Howdy. That was my first post to this forum and I'm glad to be here. I will elaborate on what I was saying...

The purpose of my post was in effort toward correcting misconceptions, or more accurately to improve less-than-optimal conceptions. I say it that way because I do not believe in the view that "Pi is wrong", as the current movement seems to like to say. On the contrary, I see Pi to be perfectly accurate. The problem with Pi is that it is not fundamental. And let's be clear that I'm not saying that Tau should be treated "in the same way as pi". My position is that Tau should be used *instead of* Pi. I am not aware of a single use of Pi where it would not be an improvement to replace it with Tau. This is also the position of the "Pi is Wrong" movement, however they go too far when they take the step of calling it "wrong". There is nothing illogical about Pi. It simply is not fundamental, and there is nothing "wrong" with not being fundamental. That would be like saying "Water is Wrong" because you learned that its constituent parts are Hydrogen and Oxygen.

You say that "Pi crops up in so many places", but the position of this movement is that it is not Pi that has cropped up. It is Tau, and we have contorted that by putting it into terms of Pi instead of the fundamental number.

And while were on the quest for improvement, it would be excellent to scrutinize terminology like "mathematical constant". Yes, it is accurate to say that Pi is a mathematical constant. But so is absolutely any other number! Pick a number. Be it complex, rational, whatever - that number will never change. It remains constant, and belonging to the realm of math it is therefore a mathematical constant. What makes Tau special is not that it is a mathematical constant, but rather that it is a Geometric Constant of Proportionality for the Circle.

Now that is a mouthful to say. And it is totally understandable that people will want to abbreviate the label associated with the concept. Boiling it down to "mathematical constant" is to evaporate its essence. A much more sensible abbreviation would be "Constant of Proportionality", or "Geometric Constant". The problem arises when trying to categorize Pi with other special numbers like e and Phi. While Phi is likewise a Geometric Constant of Proportionality, e is not. What makes e special is that when used as an exponential function it becomes Invariant to Differentiation/Antidifferentiation. It is the Eigenvector of Integral Calculus. Clearly it would be inaccurate to lump e in under the label of Constant of Proportionality. A good general term for these special numbers is just that: Special Numbers.

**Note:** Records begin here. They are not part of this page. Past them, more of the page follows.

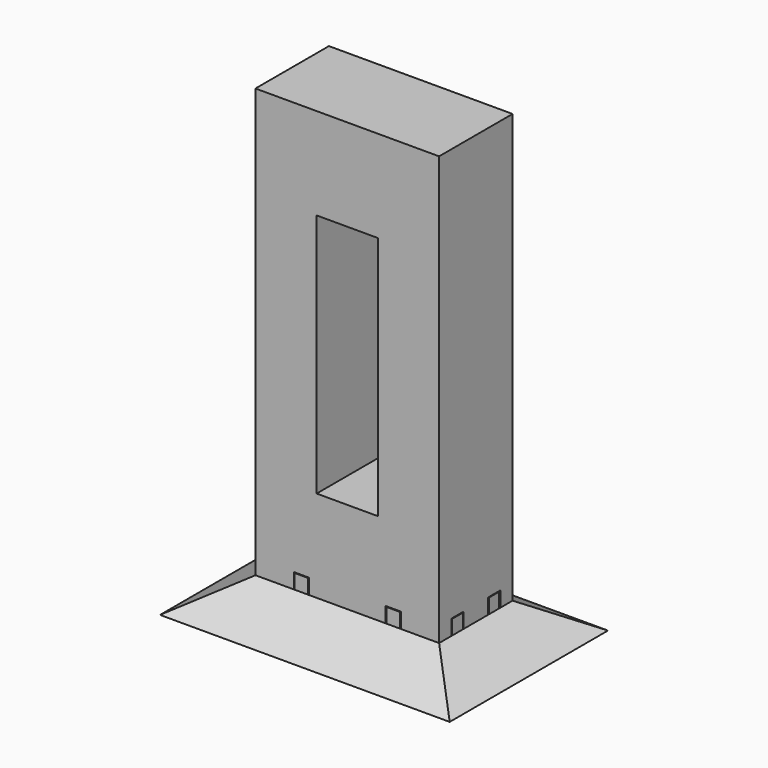
from build123d import *

# Parameters (mm, degrees)
F0_W     = 25.4
F0_H     = 101.6
F1_DEPTH = 38.1
F2_W     = 6.35
F2_H     = 6.35
F3_DEPTH = 76.201
F4_W     = 5.588
F4_H     = 6.731
F4_H_2   = 5.588
F4_W_2   = 16.3065173057
F4_H_3   = 13.462
F4_W_3   = 32.512
F4_W_4   = 16.2054826943
F4_H_4   = 5.334
F4_H_5   = 6.985
F5_DEPTH = 6.096
F6_W     = 76.2
F6_H     = 38.1
F7_DEPTH = 12.7
F7_TAPER = -60


with BuildPart() as f1:
    # F0 (on Front) → F1 (new body)
    with BuildSketch(Plane.XZ):
        Polygon((0, 177.8), (0, 0), (15.9255173057, 0), (15.9255173057, 6.35), (22.2755173057, 6.35), (22.2755173057, 0), (54.0255173057, 0), (54.0255173057, 6.35), (60.3755173057, 6.35), (60.3755173057, 0), (76.2, 0), (76.2, 177.8), align=None)
        with Locations((38.1, 88.9)):
            Rectangle(F0_W, F0_H, mode=Mode.SUBTRACT)
    extrude(amount=-F1_DEPTH)

    # F2 (on face) → F3 (cut, through all)
    with BuildSketch(Plane(origin=(0, 0, 0), x_dir=(0, -1, 0), z_dir=(-1, 0, 0))):
        with Locations((-28.575, 3.175)):
            Rectangle(F2_W, F2_H)
        with Locations((-9.525, 3.175)):
            Rectangle(F2_W, F2_H)
    extrude(amount=-F3_DEPTH, mode=Mode.SUBTRACT)


with BuildPart() as f5:
    # F4 (on Top) → F5 (new body)
    with BuildSketch(Plane.XY):
        with Locations((19.1005173057, 3.3655)):
            Rectangle(F4_W, F4_H)
        with Locations((19.1005173057, 9.525)):
            Rectangle(F4_W, F4_H_2)
        with Locations((8.1532586529, 9.525)):
            Rectangle(F4_W_2, F4_H_2)
        with Locations((19.1005173057, 19.05)):
            Rectangle(F4_W, F4_H_3)
        with Locations((38.1505173057, 9.525)):
            Rectangle(F4_W_3, F4_H_2)
        with Locations((57.2005173057, 9.525)):
            Rectangle(F4_W, F4_H_2)
        with Locations((57.2005173057, 3.3655)):
            Rectangle(F4_W, F4_H)
        with Locations((68.0972586529, 9.525)):
            Rectangle(F4_W_4, F4_H_2)
        with Locations((57.2005173057, 19.05)):
            Rectangle(F4_W, F4_H_3)
        with Locations((57.2005173057, 28.448)):
            Rectangle(F4_W, F4_H_4)
        with Locations((68.0972586529, 28.448)):
            Rectangle(F4_W_4, F4_H_4)
        with Locations((57.2005173057, 34.6075)):
            Rectangle(F4_W, F4_H_5)
        with Locations((38.1505173057, 28.448)):
            Rectangle(F4_W_3, F4_H_4)
        with Locations((19.1005173057, 28.448)):
            Rectangle(F4_W, F4_H_4)
        with Locations((19.1005173057, 34.6075)):
            Rectangle(F4_W, F4_H_5)
        with Locations((8.1532586529, 28.448)):
            Rectangle(F4_W_2, F4_H_4)
    extrude(amount=F5_DEPTH)

    # F6 (on face) → F7 (join)
    with BuildSketch(Plane(origin=(0, 0, 0), x_dir=(1, 0, 0), z_dir=(0, 0, -1))):
        with Locations((38.1, -19.05)):
            Rectangle(F6_W, F6_H)
    extrude(amount=F7_DEPTH, taper=F7_TAPER)


solid = Compound([f1.part, f5.part])

To label them "Mathematical Constants" is to contort the term 'constant'. This is the same essential problem with using Pi instead of Tau. While it is accurate to say that Tau, Phi and e are all mathematical constants, it completely misses the fundamental essential quality of this special set of numbers. And the reason why the term "Special Numbers" can be improved on is because that label does nothing to indicate *why* these particular numbers are special.

Once it is recognized that the reason why this set of numbers is special, then it becomes easy to arrive at terminology that is both accurate and conveys their essential quality. Tau, Phi and e are special because they form invariants under particular operations. And the quality of an Input passing through an Operation forming an Output with an unchanged quality is captured by the word "Eigen". This word has several connotations in English, such as inherent/inborn/particular/specific/proper. And because no single English word fully captures the concept, it was decided to carry this term straight over from the original language.

Tau, Phi and e all have this Eigen Fundamental Characteristic to them. A rotation/antirotation by Tau is returned unchanged. A differentiation/antidifferentiation of exponentiated e returns with its direction(/antidirection) intact. So instead of calling these numbers by the bland-to-the-point-of-meaninglessness Mathematical Constants, they can be collectively known as:

Eigen Numbers.

And as stated in my first post, the Special Numbers of Zero and One have this quality as well. Zero has this Eigen Property for the Operation of Addition/Antiaddition, as does One for the Operation of Multiplication/Antimultiplication. Now while it might be tempting to lump 0 & 1 into this group of Eigen Numbers because of this fact, it would be a mistake to do so because 0 & 1 have much greater special qualities than this Eigen Property. It is similar reasoning as to why 1 is not counted as a Prime Number, even though its only factor is One(/Itself). Rational Numbers have an inherent Dimensionality to them, as identified by their Prime Factorization. The Number 4 (2x2) and the Number 6 (2x3) have a Dimensionality of 2. The Number 8 (2x2x2) is the first number with a Dimensionality of 3. The Number 12 (2x2x3) also has a Dimensionality of 3. The Number 16 is the first with a Dimensionality of 4. The reason why Prime Numbers are special is because they are the only numbers with a Dimensionality of 1. They are the "Building Blocks" of other numbers, if you will. The Number 1 is not counted as a member of that group because it has a quality that is *more fundamental* than Primacy. That quality is Unity, and has a Dimensionality of Zero. It is the "Building Block" of all the Prime Numbers. Unity is the fundamental quality that makes it more special than the rest of the numbers that have this Prime Quality.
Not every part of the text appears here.